Start of Supplied entries
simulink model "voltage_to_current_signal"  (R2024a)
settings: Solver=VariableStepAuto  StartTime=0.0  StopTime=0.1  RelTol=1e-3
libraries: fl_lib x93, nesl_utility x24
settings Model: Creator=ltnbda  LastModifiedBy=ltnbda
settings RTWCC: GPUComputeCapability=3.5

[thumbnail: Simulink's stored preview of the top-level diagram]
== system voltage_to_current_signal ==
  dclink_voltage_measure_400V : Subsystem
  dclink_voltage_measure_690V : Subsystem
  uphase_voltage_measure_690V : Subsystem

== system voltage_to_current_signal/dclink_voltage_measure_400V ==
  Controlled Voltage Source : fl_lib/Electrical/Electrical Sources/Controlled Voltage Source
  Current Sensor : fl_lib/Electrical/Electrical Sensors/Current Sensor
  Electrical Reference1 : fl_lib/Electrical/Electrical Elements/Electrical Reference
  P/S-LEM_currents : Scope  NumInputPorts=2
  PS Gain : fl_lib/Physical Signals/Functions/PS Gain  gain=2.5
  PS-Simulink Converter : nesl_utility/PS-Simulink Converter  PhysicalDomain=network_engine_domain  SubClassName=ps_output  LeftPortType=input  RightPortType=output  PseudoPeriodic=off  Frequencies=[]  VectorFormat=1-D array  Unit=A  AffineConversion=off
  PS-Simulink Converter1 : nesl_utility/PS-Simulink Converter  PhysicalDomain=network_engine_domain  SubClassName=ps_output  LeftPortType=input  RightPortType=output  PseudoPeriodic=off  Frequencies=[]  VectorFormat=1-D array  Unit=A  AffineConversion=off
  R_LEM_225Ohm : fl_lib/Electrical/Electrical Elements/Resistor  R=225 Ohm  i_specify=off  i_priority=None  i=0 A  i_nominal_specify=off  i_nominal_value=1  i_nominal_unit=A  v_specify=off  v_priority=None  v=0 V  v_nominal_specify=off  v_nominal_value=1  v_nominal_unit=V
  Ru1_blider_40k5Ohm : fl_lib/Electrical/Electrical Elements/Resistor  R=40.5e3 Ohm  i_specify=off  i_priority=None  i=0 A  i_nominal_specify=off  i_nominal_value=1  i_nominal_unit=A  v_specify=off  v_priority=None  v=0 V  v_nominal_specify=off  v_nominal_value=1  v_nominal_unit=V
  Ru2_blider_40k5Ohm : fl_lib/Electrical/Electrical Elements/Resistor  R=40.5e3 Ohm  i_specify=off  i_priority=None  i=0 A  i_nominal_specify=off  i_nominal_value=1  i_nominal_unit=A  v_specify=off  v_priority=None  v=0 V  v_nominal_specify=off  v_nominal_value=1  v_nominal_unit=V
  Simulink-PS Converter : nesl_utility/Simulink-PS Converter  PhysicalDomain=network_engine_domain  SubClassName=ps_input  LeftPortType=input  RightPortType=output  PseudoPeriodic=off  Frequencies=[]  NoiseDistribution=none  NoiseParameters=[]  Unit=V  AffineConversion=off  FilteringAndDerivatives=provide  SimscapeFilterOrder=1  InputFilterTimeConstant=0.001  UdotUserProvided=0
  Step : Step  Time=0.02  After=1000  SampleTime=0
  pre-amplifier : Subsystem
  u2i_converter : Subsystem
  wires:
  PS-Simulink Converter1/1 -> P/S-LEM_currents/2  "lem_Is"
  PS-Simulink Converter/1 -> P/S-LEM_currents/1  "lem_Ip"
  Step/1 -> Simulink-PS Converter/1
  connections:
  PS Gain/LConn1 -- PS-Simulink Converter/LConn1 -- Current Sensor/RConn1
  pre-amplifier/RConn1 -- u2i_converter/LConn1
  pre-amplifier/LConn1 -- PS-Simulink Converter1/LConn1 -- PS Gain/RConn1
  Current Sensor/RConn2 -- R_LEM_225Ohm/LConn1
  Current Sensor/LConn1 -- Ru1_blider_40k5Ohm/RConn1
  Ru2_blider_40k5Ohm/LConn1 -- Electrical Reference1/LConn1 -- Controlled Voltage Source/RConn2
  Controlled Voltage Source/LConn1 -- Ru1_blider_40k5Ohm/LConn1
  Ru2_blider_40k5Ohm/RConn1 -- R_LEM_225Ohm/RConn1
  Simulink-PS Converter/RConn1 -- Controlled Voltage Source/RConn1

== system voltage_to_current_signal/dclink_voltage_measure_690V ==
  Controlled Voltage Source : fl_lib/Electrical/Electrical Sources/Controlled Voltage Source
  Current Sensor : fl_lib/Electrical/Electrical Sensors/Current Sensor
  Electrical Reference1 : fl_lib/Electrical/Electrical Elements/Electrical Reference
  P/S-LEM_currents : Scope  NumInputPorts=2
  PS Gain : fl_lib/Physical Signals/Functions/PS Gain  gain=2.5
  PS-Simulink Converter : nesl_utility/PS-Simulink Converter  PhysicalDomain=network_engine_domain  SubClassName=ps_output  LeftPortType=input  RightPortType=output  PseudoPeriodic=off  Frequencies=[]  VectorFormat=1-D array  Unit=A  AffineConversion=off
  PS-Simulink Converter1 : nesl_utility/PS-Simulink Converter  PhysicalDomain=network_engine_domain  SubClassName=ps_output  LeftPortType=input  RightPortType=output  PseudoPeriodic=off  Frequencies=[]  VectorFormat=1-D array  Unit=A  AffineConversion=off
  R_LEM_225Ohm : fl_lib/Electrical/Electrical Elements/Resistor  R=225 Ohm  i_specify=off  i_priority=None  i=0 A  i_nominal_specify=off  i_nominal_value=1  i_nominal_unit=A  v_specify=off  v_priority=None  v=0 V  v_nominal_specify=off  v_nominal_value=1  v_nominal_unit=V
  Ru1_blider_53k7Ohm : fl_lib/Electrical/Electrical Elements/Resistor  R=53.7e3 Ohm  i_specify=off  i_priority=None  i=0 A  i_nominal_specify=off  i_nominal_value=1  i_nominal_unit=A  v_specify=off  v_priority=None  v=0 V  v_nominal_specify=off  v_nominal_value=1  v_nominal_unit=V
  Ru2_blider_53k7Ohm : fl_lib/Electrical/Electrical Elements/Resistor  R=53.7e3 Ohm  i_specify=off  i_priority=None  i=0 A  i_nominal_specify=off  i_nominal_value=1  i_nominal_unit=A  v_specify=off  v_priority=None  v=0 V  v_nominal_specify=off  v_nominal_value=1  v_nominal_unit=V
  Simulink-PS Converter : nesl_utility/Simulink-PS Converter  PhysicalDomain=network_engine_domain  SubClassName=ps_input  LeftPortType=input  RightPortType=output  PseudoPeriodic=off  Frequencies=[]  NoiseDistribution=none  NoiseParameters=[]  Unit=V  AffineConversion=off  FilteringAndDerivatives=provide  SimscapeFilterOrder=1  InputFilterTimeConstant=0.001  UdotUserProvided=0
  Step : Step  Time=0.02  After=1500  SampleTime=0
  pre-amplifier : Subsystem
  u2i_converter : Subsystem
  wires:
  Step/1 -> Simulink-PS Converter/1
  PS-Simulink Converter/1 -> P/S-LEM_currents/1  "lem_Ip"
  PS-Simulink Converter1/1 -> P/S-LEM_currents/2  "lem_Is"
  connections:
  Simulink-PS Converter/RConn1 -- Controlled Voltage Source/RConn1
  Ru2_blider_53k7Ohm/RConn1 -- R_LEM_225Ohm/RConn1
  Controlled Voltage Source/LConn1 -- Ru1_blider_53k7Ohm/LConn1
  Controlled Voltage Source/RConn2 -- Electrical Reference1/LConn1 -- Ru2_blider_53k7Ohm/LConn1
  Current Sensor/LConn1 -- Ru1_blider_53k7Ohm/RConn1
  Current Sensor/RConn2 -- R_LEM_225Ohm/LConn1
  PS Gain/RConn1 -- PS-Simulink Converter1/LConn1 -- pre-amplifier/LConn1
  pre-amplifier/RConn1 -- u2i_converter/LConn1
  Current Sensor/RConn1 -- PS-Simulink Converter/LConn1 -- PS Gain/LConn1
End of Supplied entries
→ **What you will do**
The word "settings" appears on some lines of the data above; count those lines and return only the number.

→ **Response to the task**
3